My blog is hosted with CloudFront pointed at an S3 bucket, automatically updated to whenever I push a commit to the GitHub repository containing the sources. Pretty simple in the end, but required a lot of reading AWS blog posts to get set up correctly initially. Now that it’s no longer on Cohost, I have the opportunity to look at something I haven’t been able to before: numbers. Unfortunately this required reading yet more AWS blog posts.!
Where Do Numbers Come From?
From looking at an automatically-created CloudWatch (AWS’s logging/metrics collection service) dashboard, I could see that CloudFront (AWS’s CDN service) was already collecting… something…
Great! So my website is getting hits! But on what pages? That was the question I wanted answered, and this dashboard would not or could not answer it.
Looking further, I found documentation for how to turn on CloudFront access logs, which would contain the information I wanted in the cs-uri-stem
field, among others. The data in CloudWatch currently was just “metrics”, not “logs”, though. If I wanted to put logs in CloudWatch, it would be… some unknown amount amount of money, based on usage. Given an example on the CloudWatch pricing page, I estimated about $1/mo.
Now that seems pretty reasonable, no? But currently, I pay just $0.10/mo for S3 storage, and nothing for anything else, so logs alone would 10x my costs :(. I am ruthless about making sure I pay as little as possible for the cloud services I use, so this was a non-starter.
Fortunately, there is another option: CloudFront can put its access logs directly into an S3 bucket, which I could analyze & rotate at my own convenience! Except… how?
Where Do Numbers Go?
Initially, I thought “oh, I can just write a hacky Python script to download & parse them all”. But then the thought of writing a hacky Python script seemed really unappealing to me, so I lazyweb-ed on Mastodon to see if anyone knew of any pre-built solutions to parse CloudFront logs.
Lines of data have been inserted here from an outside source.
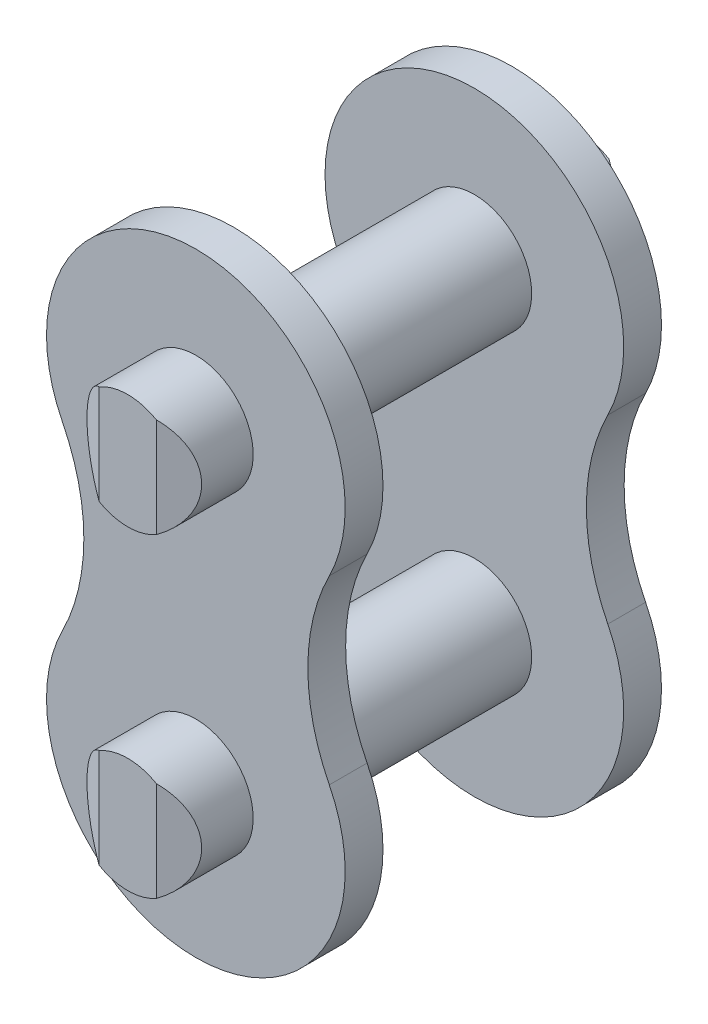
ISO-10303-21;
HEADER;
FILE_DESCRIPTION(('STEP AP214'),'2;1');
FILE_NAME('part.step','',(''),(''),'','','');
FILE_SCHEMA(('AUTOMOTIVE_DESIGN { 1 0 10303 214 1 1 1 1 }'));
ENDSEC;
DATA;
#1=APPLICATION_CONTEXT('core data for automotive mechanical design processes');
#2=APPLICATION_PROTOCOL_DEFINITION('international standard','automotive_design',2000,#1);
#3=PRODUCT_CONTEXT('',#1,'mechanical');
#4=PRODUCT('Part','Part','',(#3));
#5=PRODUCT_RELATED_PRODUCT_CATEGORY('part','',(#4));
#6=PRODUCT_DEFINITION_FORMATION('','',#4);
#7=PRODUCT_DEFINITION_CONTEXT('part definition',#1,'design');
#8=PRODUCT_DEFINITION('design','',#6,#7);
#9=PRODUCT_DEFINITION_SHAPE('','',#8);
#10=(LENGTH_UNIT() NAMED_UNIT(*) SI_UNIT(.MILLI.,.METRE.));
#11=(NAMED_UNIT(*) PLANE_ANGLE_UNIT() SI_UNIT($,.RADIAN.));
#12=(NAMED_UNIT(*) SI_UNIT($,.STERADIAN.) SOLID_ANGLE_UNIT());
#13=UNCERTAINTY_MEASURE_WITH_UNIT(LENGTH_MEASURE(1.E-05),#10,'distance_accuracy_value','');
#14=(GEOMETRIC_REPRESENTATION_CONTEXT(3) GLOBAL_UNCERTAINTY_ASSIGNED_CONTEXT((#13)) GLOBAL_UNIT_ASSIGNED_CONTEXT((#10,
#11,#12)) REPRESENTATION_CONTEXT('',''));
#15=CARTESIAN_POINT('',(0.,0.,0.));
#16=DIRECTION('',(0.,0.,1.));
#17=DIRECTION('',(1.,0.,0.));
#18=AXIS2_PLACEMENT_3D('',#15,#16,#17);
#19=CARTESIAN_POINT('',(81.9245250000066,235.985455423137,-131.392489073474));
#20=DIRECTION('',(0.5,0.,0.866025403784439));
#21=DIRECTION('',(0.,-1.,0.));
#22=AXIS2_PLACEMENT_3D('',#19,#20,#21);
#23=PLANE('',#22);
#24=CARTESIAN_POINT('',(82.7913000000066,250.488114274086,-131.892921853051));
#25=DIRECTION('',(-0.5,0.,-0.866025403784439));
#26=DIRECTION('',(-0.866025403784439,0.,0.5));
#27=AXIS2_PLACEMENT_3D('',#24,#25,#26);
#28=ELLIPSE('',#27,1.3344874122049,1.1557);
#29=CARTESIAN_POINT('',(82.2134500000065,249.487248714932,-131.5593));
#30=VERTEX_POINT('',#29);
#31=CARTESIAN_POINT('',(82.2134500000065,251.488979833239,-131.5593));
#32=VERTEX_POINT('',#31);
#33=EDGE_CURVE('E262',#30,#32,#28,.T.);
#34=ORIENTED_EDGE('',*,*,#33,.T.);
#35=DIRECTION('',(0.,1.,0.));
#36=VECTOR('',#35,1.);
#37=CARTESIAN_POINT('',(82.2134500000065,235.985455423137,-131.5593));
#38=LINE('',#37,#36);
#39=EDGE_CURVE('E270',#30,#32,#38,.T.);
#40=ORIENTED_EDGE('',*,*,#39,.F.);
#41=EDGE_LOOP('',(#34,#40));
#42=FACE_BOUND('',#41,.T.);
#43=ADVANCED_FACE('F17',(#42),#23,.F.);
#44=CARTESIAN_POINT('',(83.6580750000066,235.985455423137,-131.392489073474));
#45=DIRECTION('',(0.5,0.,-0.866025403784439));
#46=DIRECTION('',(0.,-1.,0.));
#47=AXIS2_PLACEMENT_3D('',#44,#45,#46);
#48=PLANE('',#47);
#49=CARTESIAN_POINT('',(82.7913000000066,250.488114274086,-131.892921853051));
#50=DIRECTION('',(-0.5,0.,0.866025403784439));
#51=DIRECTION('',(0.866025403784439,0.,0.5));
#52=AXIS2_PLACEMENT_3D('',#49,#50,#51);
#53=ELLIPSE('',#52,1.3344874122049,1.1557);
#54=CARTESIAN_POINT('',(83.3691500000066,249.487248714932,-131.5593));
#55=VERTEX_POINT('',#54);
#56=CARTESIAN_POINT('',(83.3691500000066,251.488979833239,-131.5593));
#57=VERTEX_POINT('',#56);
#58=EDGE_CURVE('E261',#55,#57,#53,.T.);
#59=ORIENTED_EDGE('',*,*,#58,.F.);
#60=DIRECTION('',(0.,1.,0.));
#61=VECTOR('',#60,1.);
#62=CARTESIAN_POINT('',(83.3691500000066,235.985455423137,-131.5593));
#63=LINE('',#62,#61);
#64=EDGE_CURVE('E304',#55,#57,#63,.T.);
#65=ORIENTED_EDGE('',*,*,#64,.T.);
#66=EDGE_LOOP('',(#59,#65));
#67=FACE_BOUND('',#66,.T.);
#68=ADVANCED_FACE('F19',(#67),#48,.T.);
#69=CARTESIAN_POINT('',(81.9245250000066,235.985455423137,-131.392489073474));
#70=DIRECTION('',(0.5,0.,0.866025403784439));
#71=DIRECTION('',(0.,-1.,0.));
#72=AXIS2_PLACEMENT_3D('',#69,#70,#71);
#73=PLANE('',#72);
#74=CARTESIAN_POINT('',(82.7913000000066,256.838114274086,-131.892921853051));
#75=DIRECTION('',(-0.5,0.,-0.866025403784439));
#76=DIRECTION('',(-0.866025403784439,0.,0.5));
#77=AXIS2_PLACEMENT_3D('',#74,#75,#76);
#78=ELLIPSE('',#77,1.3344874122049,1.1557);
#79=CARTESIAN_POINT('',(82.2134500000065,255.837248714932,-131.5593));
#80=VERTEX_POINT('',#79);
#81=CARTESIAN_POINT('',(82.2134500000065,257.83897983324,-131.5593));
#82=VERTEX_POINT('',#81);
#83=EDGE_CURVE('E310',#80,#82,#78,.T.);
#84=ORIENTED_EDGE('',*,*,#83,.T.);
#85=DIRECTION('',(0.,1.,0.));
#86=VECTOR('',#85,1.);
#87=CARTESIAN_POINT('',(82.2134500000065,235.985455423137,-131.5593));
#88=LINE('',#87,#86);
#89=EDGE_CURVE('E315',#80,#82,#88,.T.);
#90=ORIENTED_EDGE('',*,*,#89,.F.);
#91=EDGE_LOOP('',(#84,#90));
#92=FACE_BOUND('',#91,.T.);
#93=ADVANCED_FACE('F415',(#92),#73,.F.);
#94=CARTESIAN_POINT('',(83.6580750000066,235.985455423137,-131.392489073474));
#95=DIRECTION('',(0.5,0.,-0.866025403784439));
#96=DIRECTION('',(0.,-1.,0.));
#97=AXIS2_PLACEMENT_3D('',#94,#95,#96);
#98=PLANE('',#97);
#99=CARTESIAN_POINT('',(82.7913000000066,256.838114274086,-131.892921853051));
#100=DIRECTION('',(-0.5,0.,0.866025403784439));
#101=DIRECTION('',(0.866025403784439,0.,0.5));
#102=AXIS2_PLACEMENT_3D('',#99,#100,#101);
#103=ELLIPSE('',#102,1.3344874122049,1.1557);
#104=CARTESIAN_POINT('',(83.3691500000066,255.837248714932,-131.5593));
#105=VERTEX_POINT('',#104);
#106=CARTESIAN_POINT('',(83.3691500000066,257.83897983324,-131.5593));
#107=VERTEX_POINT('',#106);
#108=EDGE_CURVE('E236',#105,#107,#103,.T.);
#109=ORIENTED_EDGE('',*,*,#108,.F.);
#110=DIRECTION('',(0.,1.,0.));
#111=VECTOR('',#110,1.);
#112=CARTESIAN_POINT('',(83.3691500000066,235.985455423137,-131.5593));
#113=LINE('',#112,#111);
#114=EDGE_CURVE('E291',#105,#107,#113,.T.);
#115=ORIENTED_EDGE('',*,*,#114,.T.);
#116=EDGE_LOOP('',(#109,#115));
#117=FACE_BOUND('',#116,.T.);
#118=ADVANCED_FACE('F411',(#117),#98,.T.);
#119=CARTESIAN_POINT('',(82.7913000000066,253.663114274086,-129.4257));
#120=DIRECTION('',(0.,0.,-1.));
#121=DIRECTION('',(0.,-1.,0.));
#122=AXIS2_PLACEMENT_3D('',#119,#120,#121);
#123=PLANE('',#122);
#124=CARTESIAN_POINT('',(82.7913000000066,250.488114274086,-129.4257));
#125=DIRECTION('',(0.,0.,1.));
#126=DIRECTION('',(0.,1.,0.));
#127=AXIS2_PLACEMENT_3D('',#124,#125,#126);
#128=CIRCLE('',#127,1.1557);
#129=CARTESIAN_POINT('',(82.7913000000066,251.643814274086,-129.4257));
#130=VERTEX_POINT('',#129);
#131=EDGE_CURVE('E279',#130,#130,#128,.T.);
#132=ORIENTED_EDGE('',*,*,#131,.F.);
#133=EDGE_LOOP('',(#132));
#134=FACE_BOUND('',#133,.T.);
#135=CARTESIAN_POINT('',(82.7913000000066,256.838114274086,-129.4257));
#136=DIRECTION('',(0.,0.,1.));
#137=DIRECTION('',(0.,1.,0.));
#138=AXIS2_PLACEMENT_3D('',#135,#136,#137);
#139=CIRCLE('',#138,1.1557);
#140=CARTESIAN_POINT('',(82.7913000000066,257.993814274086,-129.4257));
#141=VERTEX_POINT('',#140);
#142=EDGE_CURVE('E285',#141,#141,#139,.T.);
#143=ORIENTED_EDGE('',*,*,#142,.F.);
#144=EDGE_LOOP('',(#143));
#145=FACE_BOUND('',#144,.T.);
#146=CARTESIAN_POINT('',(89.1133747362935,253.663114274086,-129.4257));
#147=DIRECTION('',(0.,0.,1.));
#148=DIRECTION('',(0.,1.,0.));
#149=AXIS2_PLACEMENT_3D('',#146,#147,#148);
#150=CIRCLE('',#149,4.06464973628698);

Fortunately someone responded (unlobito) suggesting a program called GoAccess1 that looked pretty good. Now, all I had to do was write some hacky Python that calls the following shell script!
#!/usr/bin/env bash
# Make it so if any individual step fails, the script exits early, among other things
set -euo pipefail
# Make it so ** acts as a recursive glob (not default on certain bash-es)
shopt -s globstar
if [[ -z "${AWS_BUCKET_NAME+x}" ]]; then
>&2 echo "Must get bucket passed as AWS_BUCKET_NAME"
exit 1
fi
output_folder="/tmp/${AWS_BUCKET_NAME}"
mkdir -p $output_folder
output_file="/tmp/${AWS_BUCKET_NAME}.html"
touch $output_file
# Download all logs from S3. Must also receive environment variables that allow this to work
aws s3 sync --delete "s3://${AWS_BUCKET_NAME}" "${output_folder}" 1>&2
# Generate the report with GoAccess running inside Docker
zcat "${output_folder}/**/*.gz" | docker run --rm -i -v "${output_file}:/report.html" -e LANG=$LANG allinurl/goaccess -a -o report.html --log-format CLOUDFRONT - 1>&2
echo "${output_file}"
GoAccess is pretty fast, and S3 doesn’t take that long to download2, so I can get updated reports pretty easily. Now, drumroll please…
What’s My Most Viewed Page?
It’s RSS.
Guess I have a few readers huh! Hi 👋😸
Other Neat Insights I Didn’t Expect
- Firefox is outsize represented (50%) compared to it’s overall market share (3%). Y’all are some nerds huh :3
- The “bot problem” (automated vulnerability scanners, other crawlers) isn’t quite a big a problem as I thought. RSS traffic is way higher.
- The list of referring sites is pretty interesting; it’s mostly feed syndicators, but seeing the range of ones I didn’t know about is cool.
I’ll try not to abuse my newfound power too hard. Nice to have it available tho.